Focus on the community
The space offers free services to the community, such as afterschool programs, weekly fitness classes, yoga sessions and basketball or football training.
“The Jordan brand wants to push activities and programs for the community,” Jones explains. “They like to integrate and help develop a sense of community. We treat everybody like they’re a professional athlete.”
By hosting adolescents from nearby communities, the Flight Lab not only provides a fun, hands-on learning environment, it also shows sports-loving teens that there are more career options in the sports world than striving to become a professional athlete.
“There’s a translation piece of getting the science to them, letting them take ownership of their own bodies and seeing what other jobs in sports exist,” Jones says.
Equipment available at the Flight Lab includes a virtual reality treadmill, a Simi Motion capture system, BerTec force plates, NormaTec boots and a metabolic testing setup — tools that allow student athletes to compare their athletic performance data to their favorite athletes.
According to Richard Mercer MS ’19, another member of the first graduating class, the Flight Lab provides an ideal space for master’s students to be curious and test their ideas. “If you want to test a certain technology, do it at the Flight Lab.” he says. “If you want to hypothesize about a theoretical idea for a project, do it at the Flight Lab. It will be a great space for future students entering the sports science program to build their knowledge and skills.”
Potential career paths
The sports and performance science field is rapidly growing, and the outlook for jobs is bright. “In the past few years, we’ve gotten calls from professional sports teams and tech companies from around the country, asking if we have graduating students who might be interested in a sports science position,” Schroeder says. Possible career paths for graduates include working for companies that create sports assessment technology, working alongside a professional sports team or providing rehabilitation in an applied training or clinical setting.
“For a sports team, the sports scientist is the expert liaison between the coaches, strength and conditioning staff and the athletic medicine team,” Schroeder says. “They need to be knowledgeable about many disciplines, know how to analyze data collected with advancements in technology and communicate this information to the team, making it actionable for improving health and performance of the athletes.”

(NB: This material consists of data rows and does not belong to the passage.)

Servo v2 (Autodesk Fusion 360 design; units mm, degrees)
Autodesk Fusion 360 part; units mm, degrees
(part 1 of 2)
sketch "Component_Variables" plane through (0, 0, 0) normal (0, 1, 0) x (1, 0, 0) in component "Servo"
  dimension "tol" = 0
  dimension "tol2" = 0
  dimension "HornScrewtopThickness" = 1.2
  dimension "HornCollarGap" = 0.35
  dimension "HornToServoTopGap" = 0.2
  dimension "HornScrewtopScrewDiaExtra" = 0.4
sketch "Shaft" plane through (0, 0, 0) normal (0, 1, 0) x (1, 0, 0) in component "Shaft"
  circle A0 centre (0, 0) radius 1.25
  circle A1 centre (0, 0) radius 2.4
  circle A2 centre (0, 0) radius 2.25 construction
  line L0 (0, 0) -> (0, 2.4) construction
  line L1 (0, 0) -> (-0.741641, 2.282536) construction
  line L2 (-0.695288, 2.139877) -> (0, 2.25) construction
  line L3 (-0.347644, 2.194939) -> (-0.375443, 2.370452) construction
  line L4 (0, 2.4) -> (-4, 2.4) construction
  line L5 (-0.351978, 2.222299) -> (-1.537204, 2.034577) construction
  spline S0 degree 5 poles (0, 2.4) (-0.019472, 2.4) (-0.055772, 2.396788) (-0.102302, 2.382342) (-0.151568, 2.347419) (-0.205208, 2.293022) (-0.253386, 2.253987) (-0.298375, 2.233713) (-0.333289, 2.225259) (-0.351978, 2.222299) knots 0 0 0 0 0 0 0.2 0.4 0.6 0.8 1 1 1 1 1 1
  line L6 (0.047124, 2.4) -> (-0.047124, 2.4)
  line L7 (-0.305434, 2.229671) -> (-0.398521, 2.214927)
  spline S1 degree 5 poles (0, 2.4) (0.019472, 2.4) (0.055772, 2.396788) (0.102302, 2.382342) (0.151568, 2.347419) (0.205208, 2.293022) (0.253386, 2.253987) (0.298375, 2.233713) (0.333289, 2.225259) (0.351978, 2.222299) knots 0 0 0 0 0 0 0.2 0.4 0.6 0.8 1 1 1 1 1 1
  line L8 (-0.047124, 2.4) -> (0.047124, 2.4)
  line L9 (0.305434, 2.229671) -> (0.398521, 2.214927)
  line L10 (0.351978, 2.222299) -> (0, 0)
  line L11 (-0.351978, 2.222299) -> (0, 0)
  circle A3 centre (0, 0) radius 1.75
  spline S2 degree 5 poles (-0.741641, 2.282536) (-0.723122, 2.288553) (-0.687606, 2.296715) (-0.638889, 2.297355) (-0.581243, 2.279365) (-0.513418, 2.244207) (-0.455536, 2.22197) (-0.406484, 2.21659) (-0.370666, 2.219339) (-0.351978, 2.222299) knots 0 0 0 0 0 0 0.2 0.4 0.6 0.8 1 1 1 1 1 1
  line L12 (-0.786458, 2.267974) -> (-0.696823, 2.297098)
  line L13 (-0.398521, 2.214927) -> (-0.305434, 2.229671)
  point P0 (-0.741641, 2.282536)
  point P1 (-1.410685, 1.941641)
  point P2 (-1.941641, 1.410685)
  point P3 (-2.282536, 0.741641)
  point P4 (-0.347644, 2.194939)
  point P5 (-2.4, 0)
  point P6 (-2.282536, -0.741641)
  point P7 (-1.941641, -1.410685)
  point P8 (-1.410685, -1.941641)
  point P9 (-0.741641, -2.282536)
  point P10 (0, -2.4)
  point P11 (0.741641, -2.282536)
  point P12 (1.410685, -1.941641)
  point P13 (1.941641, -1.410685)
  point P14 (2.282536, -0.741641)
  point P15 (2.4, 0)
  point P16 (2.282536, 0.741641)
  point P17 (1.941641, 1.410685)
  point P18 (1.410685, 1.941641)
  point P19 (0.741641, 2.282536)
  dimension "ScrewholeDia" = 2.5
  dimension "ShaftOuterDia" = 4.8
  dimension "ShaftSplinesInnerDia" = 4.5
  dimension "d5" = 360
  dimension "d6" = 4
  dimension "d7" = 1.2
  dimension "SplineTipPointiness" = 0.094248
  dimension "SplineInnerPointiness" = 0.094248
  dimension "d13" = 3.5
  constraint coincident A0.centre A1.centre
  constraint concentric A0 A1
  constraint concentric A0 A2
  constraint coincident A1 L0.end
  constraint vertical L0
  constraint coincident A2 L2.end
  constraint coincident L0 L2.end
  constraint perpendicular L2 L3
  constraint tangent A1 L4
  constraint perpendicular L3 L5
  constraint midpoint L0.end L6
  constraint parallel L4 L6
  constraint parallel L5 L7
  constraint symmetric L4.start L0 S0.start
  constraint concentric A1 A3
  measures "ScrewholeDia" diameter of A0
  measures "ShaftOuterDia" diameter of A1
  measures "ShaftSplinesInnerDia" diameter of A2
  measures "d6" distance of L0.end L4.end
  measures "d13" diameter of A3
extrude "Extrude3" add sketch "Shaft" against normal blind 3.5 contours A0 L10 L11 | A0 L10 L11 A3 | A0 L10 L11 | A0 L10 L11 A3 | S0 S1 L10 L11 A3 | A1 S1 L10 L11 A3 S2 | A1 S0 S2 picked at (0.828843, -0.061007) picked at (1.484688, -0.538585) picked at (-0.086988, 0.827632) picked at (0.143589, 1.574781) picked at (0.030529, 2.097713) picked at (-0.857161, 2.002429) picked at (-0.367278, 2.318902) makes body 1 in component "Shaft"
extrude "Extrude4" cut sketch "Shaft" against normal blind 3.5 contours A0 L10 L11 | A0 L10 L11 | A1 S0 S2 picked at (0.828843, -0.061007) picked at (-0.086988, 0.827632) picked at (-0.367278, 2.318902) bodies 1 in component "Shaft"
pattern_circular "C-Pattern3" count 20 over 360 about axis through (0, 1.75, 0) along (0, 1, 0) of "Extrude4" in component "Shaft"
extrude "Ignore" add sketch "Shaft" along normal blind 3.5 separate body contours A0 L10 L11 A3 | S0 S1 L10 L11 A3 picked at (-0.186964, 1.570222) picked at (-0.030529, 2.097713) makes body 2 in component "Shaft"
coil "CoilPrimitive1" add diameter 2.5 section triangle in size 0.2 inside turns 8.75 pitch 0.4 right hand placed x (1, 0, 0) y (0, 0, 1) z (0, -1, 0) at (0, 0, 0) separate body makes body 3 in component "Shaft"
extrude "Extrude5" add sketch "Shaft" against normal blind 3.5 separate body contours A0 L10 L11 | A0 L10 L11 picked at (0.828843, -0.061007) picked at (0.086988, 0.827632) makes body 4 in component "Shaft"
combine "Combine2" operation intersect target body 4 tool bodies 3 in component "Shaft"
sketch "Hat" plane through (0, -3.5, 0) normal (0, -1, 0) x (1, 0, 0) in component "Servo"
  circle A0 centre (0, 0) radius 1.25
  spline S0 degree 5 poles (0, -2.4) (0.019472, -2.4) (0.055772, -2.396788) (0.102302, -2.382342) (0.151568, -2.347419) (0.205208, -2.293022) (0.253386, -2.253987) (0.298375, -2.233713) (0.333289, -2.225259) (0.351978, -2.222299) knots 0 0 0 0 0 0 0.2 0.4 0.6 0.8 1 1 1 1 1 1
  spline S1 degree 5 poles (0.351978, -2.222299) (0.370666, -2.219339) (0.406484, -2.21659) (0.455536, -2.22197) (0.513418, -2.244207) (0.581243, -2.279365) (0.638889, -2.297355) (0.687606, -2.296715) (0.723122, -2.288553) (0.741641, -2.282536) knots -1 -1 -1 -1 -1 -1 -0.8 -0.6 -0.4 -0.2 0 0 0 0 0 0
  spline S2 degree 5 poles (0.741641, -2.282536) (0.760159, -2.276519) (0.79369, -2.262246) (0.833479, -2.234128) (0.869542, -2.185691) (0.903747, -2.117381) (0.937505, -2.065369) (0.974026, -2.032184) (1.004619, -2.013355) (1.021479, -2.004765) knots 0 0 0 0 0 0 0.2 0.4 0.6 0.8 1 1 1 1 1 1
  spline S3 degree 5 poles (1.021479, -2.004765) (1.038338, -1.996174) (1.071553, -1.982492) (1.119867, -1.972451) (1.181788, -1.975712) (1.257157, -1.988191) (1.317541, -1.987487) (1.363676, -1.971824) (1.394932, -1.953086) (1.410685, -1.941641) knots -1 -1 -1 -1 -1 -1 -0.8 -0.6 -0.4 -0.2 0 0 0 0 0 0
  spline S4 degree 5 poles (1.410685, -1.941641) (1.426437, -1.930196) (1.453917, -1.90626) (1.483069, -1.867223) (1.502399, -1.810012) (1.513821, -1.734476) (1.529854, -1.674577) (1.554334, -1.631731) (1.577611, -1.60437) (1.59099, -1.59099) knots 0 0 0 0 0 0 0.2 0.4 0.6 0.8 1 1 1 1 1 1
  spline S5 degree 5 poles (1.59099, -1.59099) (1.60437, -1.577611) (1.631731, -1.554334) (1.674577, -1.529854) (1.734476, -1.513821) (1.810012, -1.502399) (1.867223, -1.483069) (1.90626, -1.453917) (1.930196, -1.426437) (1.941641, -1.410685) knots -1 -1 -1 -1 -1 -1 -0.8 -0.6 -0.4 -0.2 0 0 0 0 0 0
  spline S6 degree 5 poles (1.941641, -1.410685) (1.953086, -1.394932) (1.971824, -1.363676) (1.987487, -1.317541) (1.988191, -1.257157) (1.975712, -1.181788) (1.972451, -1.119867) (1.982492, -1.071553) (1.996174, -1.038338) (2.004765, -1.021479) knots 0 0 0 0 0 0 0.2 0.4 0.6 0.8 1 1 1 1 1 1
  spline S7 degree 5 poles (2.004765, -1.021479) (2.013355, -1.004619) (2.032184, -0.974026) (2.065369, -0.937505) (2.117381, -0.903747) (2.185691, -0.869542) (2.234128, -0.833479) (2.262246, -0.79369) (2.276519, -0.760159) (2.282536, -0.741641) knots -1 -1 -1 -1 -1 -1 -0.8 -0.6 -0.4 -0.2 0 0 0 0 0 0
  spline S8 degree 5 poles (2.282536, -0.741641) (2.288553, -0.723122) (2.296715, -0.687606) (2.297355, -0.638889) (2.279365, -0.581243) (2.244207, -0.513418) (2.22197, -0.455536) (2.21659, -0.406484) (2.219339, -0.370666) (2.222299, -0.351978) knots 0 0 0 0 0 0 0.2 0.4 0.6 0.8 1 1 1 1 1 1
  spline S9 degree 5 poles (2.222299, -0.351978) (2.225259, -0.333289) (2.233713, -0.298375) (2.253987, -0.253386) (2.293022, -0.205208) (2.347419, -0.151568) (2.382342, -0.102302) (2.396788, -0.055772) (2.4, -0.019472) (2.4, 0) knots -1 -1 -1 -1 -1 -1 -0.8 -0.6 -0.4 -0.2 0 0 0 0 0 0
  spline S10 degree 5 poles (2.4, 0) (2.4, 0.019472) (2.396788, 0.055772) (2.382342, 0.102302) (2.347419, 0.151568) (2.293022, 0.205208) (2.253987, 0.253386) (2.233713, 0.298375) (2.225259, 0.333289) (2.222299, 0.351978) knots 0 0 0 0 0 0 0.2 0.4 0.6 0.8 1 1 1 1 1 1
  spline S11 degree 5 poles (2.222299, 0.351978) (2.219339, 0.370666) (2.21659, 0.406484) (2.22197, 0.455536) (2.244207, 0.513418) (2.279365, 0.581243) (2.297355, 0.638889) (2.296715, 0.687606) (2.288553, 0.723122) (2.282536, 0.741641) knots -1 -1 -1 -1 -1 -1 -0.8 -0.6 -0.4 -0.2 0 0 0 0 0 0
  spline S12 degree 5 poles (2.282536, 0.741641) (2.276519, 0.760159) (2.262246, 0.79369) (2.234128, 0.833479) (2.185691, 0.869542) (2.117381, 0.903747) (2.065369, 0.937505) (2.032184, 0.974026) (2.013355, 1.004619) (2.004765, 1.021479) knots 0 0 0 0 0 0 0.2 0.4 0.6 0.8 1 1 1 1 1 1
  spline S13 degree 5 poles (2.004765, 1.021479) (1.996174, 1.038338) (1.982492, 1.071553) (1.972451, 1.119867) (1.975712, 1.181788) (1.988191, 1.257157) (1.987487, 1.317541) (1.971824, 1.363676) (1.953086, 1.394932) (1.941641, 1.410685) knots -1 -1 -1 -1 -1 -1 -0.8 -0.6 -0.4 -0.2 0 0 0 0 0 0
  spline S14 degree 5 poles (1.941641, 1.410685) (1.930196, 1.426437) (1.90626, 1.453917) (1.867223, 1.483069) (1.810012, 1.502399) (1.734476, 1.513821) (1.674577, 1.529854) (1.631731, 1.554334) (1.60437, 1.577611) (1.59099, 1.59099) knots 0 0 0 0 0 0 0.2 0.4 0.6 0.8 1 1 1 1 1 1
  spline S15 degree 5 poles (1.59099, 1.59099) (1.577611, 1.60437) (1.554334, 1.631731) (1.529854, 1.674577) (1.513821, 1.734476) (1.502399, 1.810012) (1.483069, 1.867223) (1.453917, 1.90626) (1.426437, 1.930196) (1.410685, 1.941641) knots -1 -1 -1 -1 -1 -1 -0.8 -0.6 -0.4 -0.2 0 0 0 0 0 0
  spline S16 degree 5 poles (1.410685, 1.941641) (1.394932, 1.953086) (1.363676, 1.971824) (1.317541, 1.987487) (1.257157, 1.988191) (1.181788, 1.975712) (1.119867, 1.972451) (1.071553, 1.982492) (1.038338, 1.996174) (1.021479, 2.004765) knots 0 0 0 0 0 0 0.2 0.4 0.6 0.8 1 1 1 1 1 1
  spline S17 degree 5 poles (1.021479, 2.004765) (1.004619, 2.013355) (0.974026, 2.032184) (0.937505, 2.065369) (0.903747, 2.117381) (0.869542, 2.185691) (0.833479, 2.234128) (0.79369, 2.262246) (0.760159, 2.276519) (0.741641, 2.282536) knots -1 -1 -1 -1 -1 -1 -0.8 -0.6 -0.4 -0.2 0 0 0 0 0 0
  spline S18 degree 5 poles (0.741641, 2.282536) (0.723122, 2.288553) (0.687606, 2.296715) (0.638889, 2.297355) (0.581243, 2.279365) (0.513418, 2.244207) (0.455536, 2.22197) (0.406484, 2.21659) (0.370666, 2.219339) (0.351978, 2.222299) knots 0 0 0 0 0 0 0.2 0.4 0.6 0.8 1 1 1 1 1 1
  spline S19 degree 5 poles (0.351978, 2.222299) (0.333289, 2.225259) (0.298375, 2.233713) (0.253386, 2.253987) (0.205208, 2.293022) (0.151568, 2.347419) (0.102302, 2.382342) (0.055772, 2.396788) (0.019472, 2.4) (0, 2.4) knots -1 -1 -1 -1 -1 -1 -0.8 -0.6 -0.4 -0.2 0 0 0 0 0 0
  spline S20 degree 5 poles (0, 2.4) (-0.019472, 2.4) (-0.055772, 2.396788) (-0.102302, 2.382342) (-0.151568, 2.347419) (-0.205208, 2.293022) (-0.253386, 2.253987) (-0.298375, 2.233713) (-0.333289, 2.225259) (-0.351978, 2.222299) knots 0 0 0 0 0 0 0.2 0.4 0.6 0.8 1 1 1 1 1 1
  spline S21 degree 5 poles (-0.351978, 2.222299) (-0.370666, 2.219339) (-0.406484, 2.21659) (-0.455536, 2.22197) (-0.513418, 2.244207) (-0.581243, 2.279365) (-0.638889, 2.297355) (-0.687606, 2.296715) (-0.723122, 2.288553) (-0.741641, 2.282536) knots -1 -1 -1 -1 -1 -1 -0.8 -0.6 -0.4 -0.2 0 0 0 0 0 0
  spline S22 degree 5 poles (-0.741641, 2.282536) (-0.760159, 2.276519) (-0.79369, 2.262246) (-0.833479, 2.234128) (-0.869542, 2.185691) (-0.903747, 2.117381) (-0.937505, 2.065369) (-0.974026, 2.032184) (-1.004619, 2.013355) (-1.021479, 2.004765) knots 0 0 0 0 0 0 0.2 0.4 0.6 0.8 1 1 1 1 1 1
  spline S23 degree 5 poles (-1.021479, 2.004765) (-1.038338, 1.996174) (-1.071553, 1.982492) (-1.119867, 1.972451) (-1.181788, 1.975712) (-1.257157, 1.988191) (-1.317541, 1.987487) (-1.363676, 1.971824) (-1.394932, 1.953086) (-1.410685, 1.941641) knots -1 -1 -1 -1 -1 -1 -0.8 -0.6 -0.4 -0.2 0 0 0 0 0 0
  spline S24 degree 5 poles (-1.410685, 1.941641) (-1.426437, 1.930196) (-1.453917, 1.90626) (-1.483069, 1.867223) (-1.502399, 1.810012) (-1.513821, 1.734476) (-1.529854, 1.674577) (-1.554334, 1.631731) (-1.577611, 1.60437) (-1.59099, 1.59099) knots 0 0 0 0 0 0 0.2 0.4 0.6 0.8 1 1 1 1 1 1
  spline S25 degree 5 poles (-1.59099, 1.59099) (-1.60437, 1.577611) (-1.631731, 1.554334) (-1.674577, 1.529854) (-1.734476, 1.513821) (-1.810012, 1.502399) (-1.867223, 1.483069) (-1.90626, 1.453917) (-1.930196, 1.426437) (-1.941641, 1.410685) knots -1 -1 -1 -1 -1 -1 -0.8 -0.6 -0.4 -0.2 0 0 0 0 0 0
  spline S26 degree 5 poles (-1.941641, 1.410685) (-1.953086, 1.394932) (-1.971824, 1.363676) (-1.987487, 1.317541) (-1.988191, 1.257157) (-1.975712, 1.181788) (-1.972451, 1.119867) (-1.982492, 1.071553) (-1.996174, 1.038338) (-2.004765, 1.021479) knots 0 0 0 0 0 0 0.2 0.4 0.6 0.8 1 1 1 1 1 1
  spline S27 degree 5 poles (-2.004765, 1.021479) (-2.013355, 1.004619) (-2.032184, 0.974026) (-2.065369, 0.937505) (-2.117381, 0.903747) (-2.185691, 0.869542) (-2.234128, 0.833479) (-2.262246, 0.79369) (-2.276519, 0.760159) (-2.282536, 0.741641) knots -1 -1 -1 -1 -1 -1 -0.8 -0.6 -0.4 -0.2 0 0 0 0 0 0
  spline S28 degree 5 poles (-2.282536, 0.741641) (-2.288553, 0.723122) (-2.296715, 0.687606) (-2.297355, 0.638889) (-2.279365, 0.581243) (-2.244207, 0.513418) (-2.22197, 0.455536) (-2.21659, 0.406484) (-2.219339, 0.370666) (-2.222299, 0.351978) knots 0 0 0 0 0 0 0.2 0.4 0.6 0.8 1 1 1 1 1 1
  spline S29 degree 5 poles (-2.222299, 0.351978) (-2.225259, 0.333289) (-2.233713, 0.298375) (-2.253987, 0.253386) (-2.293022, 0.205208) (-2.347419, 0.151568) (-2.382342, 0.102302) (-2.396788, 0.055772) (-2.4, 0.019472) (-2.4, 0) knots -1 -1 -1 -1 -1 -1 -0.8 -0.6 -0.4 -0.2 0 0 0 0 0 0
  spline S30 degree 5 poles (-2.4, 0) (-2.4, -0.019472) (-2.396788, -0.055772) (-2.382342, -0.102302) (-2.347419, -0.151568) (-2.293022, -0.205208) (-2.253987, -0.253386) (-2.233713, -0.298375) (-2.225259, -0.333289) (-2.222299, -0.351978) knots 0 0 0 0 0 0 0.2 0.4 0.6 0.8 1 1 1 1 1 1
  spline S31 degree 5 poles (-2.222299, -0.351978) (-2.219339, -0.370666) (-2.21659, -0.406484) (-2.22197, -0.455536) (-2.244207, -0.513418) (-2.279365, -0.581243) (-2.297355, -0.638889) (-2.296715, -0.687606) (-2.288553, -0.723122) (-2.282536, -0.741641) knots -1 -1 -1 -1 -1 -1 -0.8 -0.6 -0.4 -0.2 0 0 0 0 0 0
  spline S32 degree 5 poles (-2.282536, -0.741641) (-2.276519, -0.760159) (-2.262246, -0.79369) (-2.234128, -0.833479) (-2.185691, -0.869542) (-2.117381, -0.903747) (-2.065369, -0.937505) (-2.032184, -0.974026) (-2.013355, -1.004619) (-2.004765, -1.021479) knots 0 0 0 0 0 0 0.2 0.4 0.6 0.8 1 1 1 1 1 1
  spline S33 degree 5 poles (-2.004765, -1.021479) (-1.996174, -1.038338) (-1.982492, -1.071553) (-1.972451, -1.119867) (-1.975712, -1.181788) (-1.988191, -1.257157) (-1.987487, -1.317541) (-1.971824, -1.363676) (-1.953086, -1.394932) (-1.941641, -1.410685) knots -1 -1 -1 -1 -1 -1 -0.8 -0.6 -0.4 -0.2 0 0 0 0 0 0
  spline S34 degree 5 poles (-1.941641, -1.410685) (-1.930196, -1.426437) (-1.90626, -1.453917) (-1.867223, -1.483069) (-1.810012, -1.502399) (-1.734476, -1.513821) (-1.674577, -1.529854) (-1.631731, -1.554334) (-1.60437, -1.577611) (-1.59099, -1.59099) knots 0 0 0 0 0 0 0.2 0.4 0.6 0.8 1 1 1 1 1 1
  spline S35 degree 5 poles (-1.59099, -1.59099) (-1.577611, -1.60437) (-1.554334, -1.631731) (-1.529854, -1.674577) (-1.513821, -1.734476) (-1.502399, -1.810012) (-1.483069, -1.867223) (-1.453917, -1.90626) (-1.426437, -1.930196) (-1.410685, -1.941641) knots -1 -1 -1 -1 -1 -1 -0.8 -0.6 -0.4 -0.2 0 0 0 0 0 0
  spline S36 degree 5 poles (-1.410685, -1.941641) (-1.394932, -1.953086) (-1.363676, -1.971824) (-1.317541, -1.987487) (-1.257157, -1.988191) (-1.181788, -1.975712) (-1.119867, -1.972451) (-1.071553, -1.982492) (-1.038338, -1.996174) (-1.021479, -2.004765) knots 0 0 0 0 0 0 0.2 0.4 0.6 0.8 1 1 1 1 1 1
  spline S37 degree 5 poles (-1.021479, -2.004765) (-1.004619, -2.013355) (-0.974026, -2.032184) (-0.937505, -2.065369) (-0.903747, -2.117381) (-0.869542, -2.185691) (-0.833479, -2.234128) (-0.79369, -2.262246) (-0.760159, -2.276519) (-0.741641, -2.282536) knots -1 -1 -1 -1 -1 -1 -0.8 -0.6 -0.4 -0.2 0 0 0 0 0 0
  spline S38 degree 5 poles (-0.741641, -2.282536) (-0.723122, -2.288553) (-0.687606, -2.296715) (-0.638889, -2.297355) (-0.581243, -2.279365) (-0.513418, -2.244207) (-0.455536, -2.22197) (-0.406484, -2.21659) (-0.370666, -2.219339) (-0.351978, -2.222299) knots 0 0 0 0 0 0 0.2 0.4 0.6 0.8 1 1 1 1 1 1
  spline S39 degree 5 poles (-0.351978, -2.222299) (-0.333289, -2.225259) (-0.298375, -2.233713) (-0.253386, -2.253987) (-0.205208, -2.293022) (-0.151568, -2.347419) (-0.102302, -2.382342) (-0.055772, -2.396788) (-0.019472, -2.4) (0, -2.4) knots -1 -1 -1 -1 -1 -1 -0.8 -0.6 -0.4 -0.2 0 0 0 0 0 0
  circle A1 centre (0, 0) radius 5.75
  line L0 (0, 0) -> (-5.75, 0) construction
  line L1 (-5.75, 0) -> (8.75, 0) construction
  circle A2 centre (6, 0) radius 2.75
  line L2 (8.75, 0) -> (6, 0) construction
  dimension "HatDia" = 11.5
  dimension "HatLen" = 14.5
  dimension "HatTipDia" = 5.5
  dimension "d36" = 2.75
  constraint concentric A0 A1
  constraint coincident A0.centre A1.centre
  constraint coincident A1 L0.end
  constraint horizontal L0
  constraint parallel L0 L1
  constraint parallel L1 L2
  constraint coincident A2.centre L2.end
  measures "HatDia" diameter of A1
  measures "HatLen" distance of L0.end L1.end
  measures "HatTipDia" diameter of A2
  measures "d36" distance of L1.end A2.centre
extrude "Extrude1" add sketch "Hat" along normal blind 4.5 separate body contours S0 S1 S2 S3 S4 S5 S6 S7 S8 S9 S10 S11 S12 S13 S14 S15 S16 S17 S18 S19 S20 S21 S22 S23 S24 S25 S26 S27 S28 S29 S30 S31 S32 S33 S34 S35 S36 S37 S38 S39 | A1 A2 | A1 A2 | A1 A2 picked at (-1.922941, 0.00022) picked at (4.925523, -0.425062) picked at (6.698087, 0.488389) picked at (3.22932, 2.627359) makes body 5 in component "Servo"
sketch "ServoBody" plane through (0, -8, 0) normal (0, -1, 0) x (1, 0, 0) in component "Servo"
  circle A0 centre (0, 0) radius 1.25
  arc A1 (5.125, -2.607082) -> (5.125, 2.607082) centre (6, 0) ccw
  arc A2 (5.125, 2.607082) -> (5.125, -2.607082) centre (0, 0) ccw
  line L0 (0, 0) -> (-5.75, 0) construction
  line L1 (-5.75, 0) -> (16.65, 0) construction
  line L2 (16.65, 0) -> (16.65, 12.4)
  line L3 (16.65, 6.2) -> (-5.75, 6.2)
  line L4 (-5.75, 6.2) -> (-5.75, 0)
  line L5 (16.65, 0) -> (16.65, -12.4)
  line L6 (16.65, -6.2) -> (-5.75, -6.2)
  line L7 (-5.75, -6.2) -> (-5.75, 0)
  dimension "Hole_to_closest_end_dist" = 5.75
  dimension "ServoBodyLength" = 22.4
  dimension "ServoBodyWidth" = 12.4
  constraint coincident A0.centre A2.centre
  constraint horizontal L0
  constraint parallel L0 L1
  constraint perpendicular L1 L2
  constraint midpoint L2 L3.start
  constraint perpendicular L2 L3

He adds, “Great sports scientists in the tech field will combine their education in biokinesiology and their applied knowledge of the human body to help engineers develop new technology that accurately measures human movement and physiology.”
Connected with the right people
Another member of the first graduating class, Karen Hyunji Lee MS ’19, plans to work as a research associate at Stayhealthy, a technology company that creates web-enabled healthcare monitoring products, where she performed her internship. She credits the program at USC with helping her transition from a temporary graduate student intern to a permanent position. “My experience as a part-time researcher prepared me to hit the ground running for my full-time job after graduation,” she says.
“There are a number of opportunities within the umbrella of sports science,” Lee says. “It is important for students to gain exposure to a wide range of these fields to find the one they are passionate about. The program is led by excellent faculty members who guide students to finding the field that suits them best and connects them to the right people.”